Bagaimana dengan art anime ini? Model grafis karakternya sama persis dengan Oreimo, ya maklum, character designer-nya dari dua anime tersebut ternyata sama saja, Hiroyuki Oda adalah dalang dari desain karakter kedua anime tersebut. Namun dalam segi kualitas, saya beri acungan jempol untuk Eromanga Sensei karena kali ini Hiroyuki Oda menggarapnya di dalam dapur milik studio A1-Pictures (Fairy Tail, Sword Art Online, GATE, Idolm@ster, Haifuri). Walau sebenarnya saya lebih suka kalau anime ini digarap di studio AIC agar sama sekalian dengan Oreimo.
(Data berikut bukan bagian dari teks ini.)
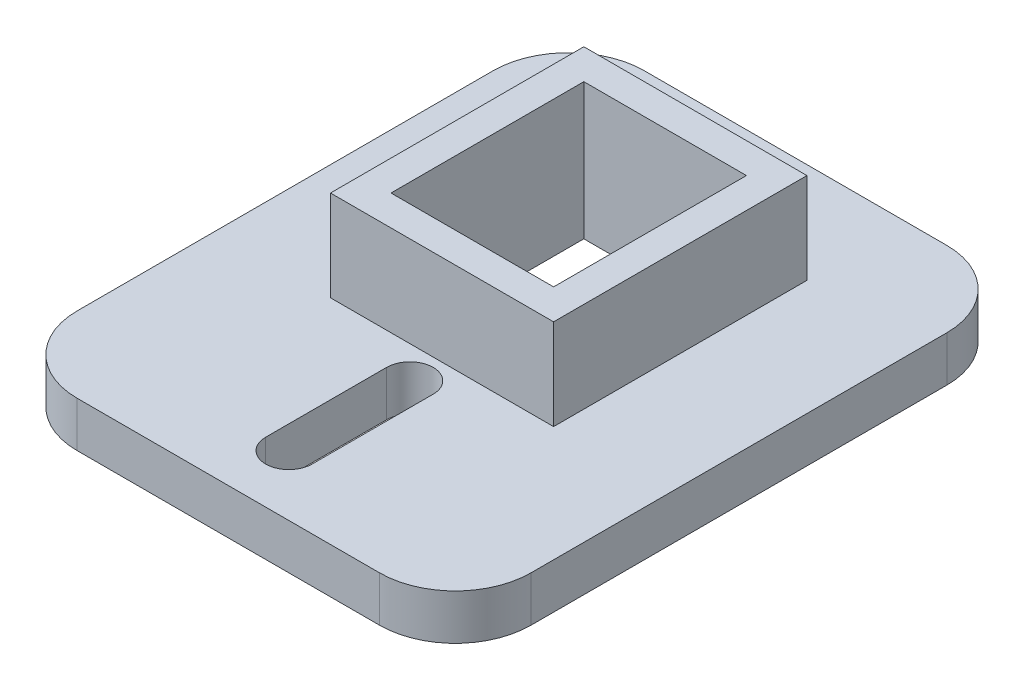
ISO-10303-21;
HEADER;
FILE_DESCRIPTION(('STEP AP214'),'2;1');
FILE_NAME('part.step','',(''),(''),'','','');
FILE_SCHEMA(('AUTOMOTIVE_DESIGN { 1 0 10303 214 1 1 1 1 }'));
ENDSEC;
DATA;
#1=APPLICATION_CONTEXT('core data for automotive mechanical design processes');
#2=APPLICATION_PROTOCOL_DEFINITION('international standard','automotive_design',2000,#1);
#3=PRODUCT_CONTEXT('',#1,'mechanical');
#4=PRODUCT('Part','Part','',(#3));
#5=PRODUCT_RELATED_PRODUCT_CATEGORY('part','',(#4));
#6=PRODUCT_DEFINITION_FORMATION('','',#4);
#7=PRODUCT_DEFINITION_CONTEXT('part definition',#1,'design');
#8=PRODUCT_DEFINITION('design','',#6,#7);
#9=PRODUCT_DEFINITION_SHAPE('','',#8);
#10=(LENGTH_UNIT() NAMED_UNIT(*) SI_UNIT(.MILLI.,.METRE.));
#11=(NAMED_UNIT(*) PLANE_ANGLE_UNIT() SI_UNIT($,.RADIAN.));
#12=(NAMED_UNIT(*) SI_UNIT($,.STERADIAN.) SOLID_ANGLE_UNIT());
#13=UNCERTAINTY_MEASURE_WITH_UNIT(LENGTH_MEASURE(1.E-05),#10,'distance_accuracy_value','');
#14=(GEOMETRIC_REPRESENTATION_CONTEXT(3) GLOBAL_UNCERTAINTY_ASSIGNED_CONTEXT((#13)) GLOBAL_UNIT_ASSIGNED_CONTEXT((#10,
#11,#12)) REPRESENTATION_CONTEXT('',''));
#15=CARTESIAN_POINT('',(0.,0.,0.));
#16=DIRECTION('',(0.,0.,1.));
#17=DIRECTION('',(1.,0.,0.));
#18=AXIS2_PLACEMENT_3D('',#15,#16,#17);
#19=CARTESIAN_POINT('',(0.,3.,0.));
#20=DIRECTION('',(0.,-1.,0.));
#21=DIRECTION('',(0.,0.,-1.));
#22=AXIS2_PLACEMENT_3D('',#19,#20,#21);
#23=PLANE('',#22);
#24=CARTESIAN_POINT('',(0.,3.,11.125));
#25=DIRECTION('',(0.,1.,0.));
#26=DIRECTION('',(0.,0.,1.));
#27=AXIS2_PLACEMENT_3D('',#24,#25,#26);
#28=CIRCLE('',#27,1.5375);
#29=CARTESIAN_POINT('',(1.5375,3.,11.125));
#30=VERTEX_POINT('',#29);
#31=CARTESIAN_POINT('',(-1.5375,3.,11.125));
#32=VERTEX_POINT('',#31);
#33=EDGE_CURVE('E226',#30,#32,#28,.T.);
#34=ORIENTED_EDGE('',*,*,#33,.F.);
#35=DIRECTION('',(0.,0.,-1.));
#36=VECTOR('',#35,1.);
#37=CARTESIAN_POINT('',(1.5375,3.,11.125));
#38=LINE('',#37,#36);
#39=CARTESIAN_POINT('',(1.5375,3.,19.125));
#40=VERTEX_POINT('',#39);
#41=EDGE_CURVE('E234',#40,#30,#38,.T.);
#42=ORIENTED_EDGE('',*,*,#41,.F.);
#43=CARTESIAN_POINT('',(0.,3.,19.125));
#44=DIRECTION('',(0.,1.,0.));
#45=DIRECTION('',(0.,0.,1.));
#46=AXIS2_PLACEMENT_3D('',#43,#44,#45);
#47=CIRCLE('',#46,1.5375);
#48=CARTESIAN_POINT('',(-1.5375,3.,19.125));
#49=VERTEX_POINT('',#48);
#50=EDGE_CURVE('E231',#49,#40,#47,.T.);
#51=ORIENTED_EDGE('',*,*,#50,.F.);
#52=DIRECTION('',(0.,0.,1.));
#53=VECTOR('',#52,1.);
#54=CARTESIAN_POINT('',(-1.5375,3.,11.125));
#55=LINE('',#54,#53);
#56=EDGE_CURVE('E228',#32,#49,#55,.T.);
#57=ORIENTED_EDGE('',*,*,#56,.F.);
#58=EDGE_LOOP('',(#34,#42,#51,#57));
#59=FACE_BOUND('',#58,.T.);
#60=DIRECTION('',(1.,0.,0.));
#61=VECTOR('',#60,1.);
#62=CARTESIAN_POINT('',(-15.,3.,23.125));
#63=LINE('',#62,#61);
#64=CARTESIAN_POINT('',(-9.99999999999999,3.,23.125));
#65=VERTEX_POINT('',#64);
#66=CARTESIAN_POINT('',(10.,3.,23.125));
#67=VERTEX_POINT('',#66);
#68=EDGE_CURVE('E281',#65,#67,#63,.T.);
#69=ORIENTED_EDGE('',*,*,#68,.T.);
#70=CARTESIAN_POINT('',(10.,3.,18.125));
#71=DIRECTION('',(0.,-1.,0.));
#72=DIRECTION('',(0.,0.,-1.));
#73=AXIS2_PLACEMENT_3D('',#70,#71,#72);
#74=CIRCLE('',#73,5.);
#75=CARTESIAN_POINT('',(15.,3.,18.125));
#76=VERTEX_POINT('',#75);
#77=EDGE_CURVE('E318',#67,#76,#74,.F.);
#78=ORIENTED_EDGE('',*,*,#77,.T.);
#79=DIRECTION('',(0.,0.,-1.));
#80=VECTOR('',#79,1.);
#81=CARTESIAN_POINT('',(15.,3.,23.125));
#82=LINE('',#81,#80);
#83=CARTESIAN_POINT('',(15.,3.,-9.37500000000001));
#84=VERTEX_POINT('',#83);
#85=EDGE_CURVE('E271',#76,#84,#82,.T.);
#86=ORIENTED_EDGE('',*,*,#85,.T.);
#87=CARTESIAN_POINT('',(10.,3.,-9.375));
#88=DIRECTION('',(0.,-1.,0.));
#89=DIRECTION('',(0.,0.,-1.));
#90=AXIS2_PLACEMENT_3D('',#87,#88,#89);
#91=CIRCLE('',#90,5.);
#92=CARTESIAN_POINT('',(9.99999999999999,3.,-14.375));
#93=VERTEX_POINT('',#92);
#94=EDGE_CURVE('E314',#84,#93,#91,.F.);
#95=ORIENTED_EDGE('',*,*,#94,.T.);
#96=DIRECTION('',(-1.,0.,0.));
#97=VECTOR('',#96,1.);
#98=CARTESIAN_POINT('',(-15.,3.,-14.375));
#99=LINE('',#98,#97);
#100=CARTESIAN_POINT('',(-10.,3.,-14.375));
#101=VERTEX_POINT('',#100);
#102=EDGE_CURVE('E274',#93,#101,#99,.T.);
#103=ORIENTED_EDGE('',*,*,#102,.T.);
#104=CARTESIAN_POINT('',(-9.99999999999999,3.,-9.37499999999999));
#105=DIRECTION('',(0.,-1.,0.));
#106=DIRECTION('',(0.,0.,-1.));
#107=AXIS2_PLACEMENT_3D('',#104,#105,#106);
#108=CIRCLE('',#107,5.);
#109=CARTESIAN_POINT('',(-15.,3.,-9.37499999999999));
#110=VERTEX_POINT('',#109);
#111=EDGE_CURVE('E312',#101,#110,#108,.F.);
#112=ORIENTED_EDGE('',*,*,#111,.T.);
#113=DIRECTION('',(0.,0.,1.));
#114=VECTOR('',#113,1.);
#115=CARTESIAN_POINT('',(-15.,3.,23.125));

Ini baru episode satu, masih ada cerita dan perjalanan yang panjang dari anime ini, terlebih lagi si Sagiri tidak merasa bahwa hubungan dengan kakaknya si Masamune merupakan sebuah keluarga. Ditambah, di akhir episode 1, masih ada karakter wanita baru yang masih simpang siur latar belakangnya, namun dirinya sangat berhubungan dengan si Sagiri. Apakah anime ini akan berakhir dengan hubungan cinta dalam satu keluarga beda darah seperti Oreimo? Siapa yang tahu, kecuali yang sudah membaca novelnya pasti telah menemukan titik terang dari serial Eromanga sensei, wong saya gak baca novelnya... Wkwkw...

Preview episode 2


Itu (di dalam buku yang dipegang Sagiri) ada Sword Art Online sama Haifuri. tapi bukannya Haifuri diproduksi IMS Production yah?


Jadi kesimpulannya? First impression saya:
Anime ini membawa anda bernostalgia dengan serial Oreimo namun dengan set latar belakang dan kepribadian karakter yang berbeda, karena anime ini mirip dengan serial Oreimo, anda pasti sudah dapat menduga kemana arah ceritanya dan apa yang akan terjadi selanjutnya walau anda tidak membaca Light Novel-nya, alurnya seperti yag saya jelaskan di atas. Walau mirip namun dari segi kualitas grafis anime ini seharusnya sedikit lebih baik karena dipegang oleh studio A1-Pictures yang memiliki reputasi baik dalam serial dan movie animenya.

Sagiri... Tsunderenya keluar tuh...

Jadi bagaimana? Anda tertarik untuk memasukan anime ini kedalam list anda?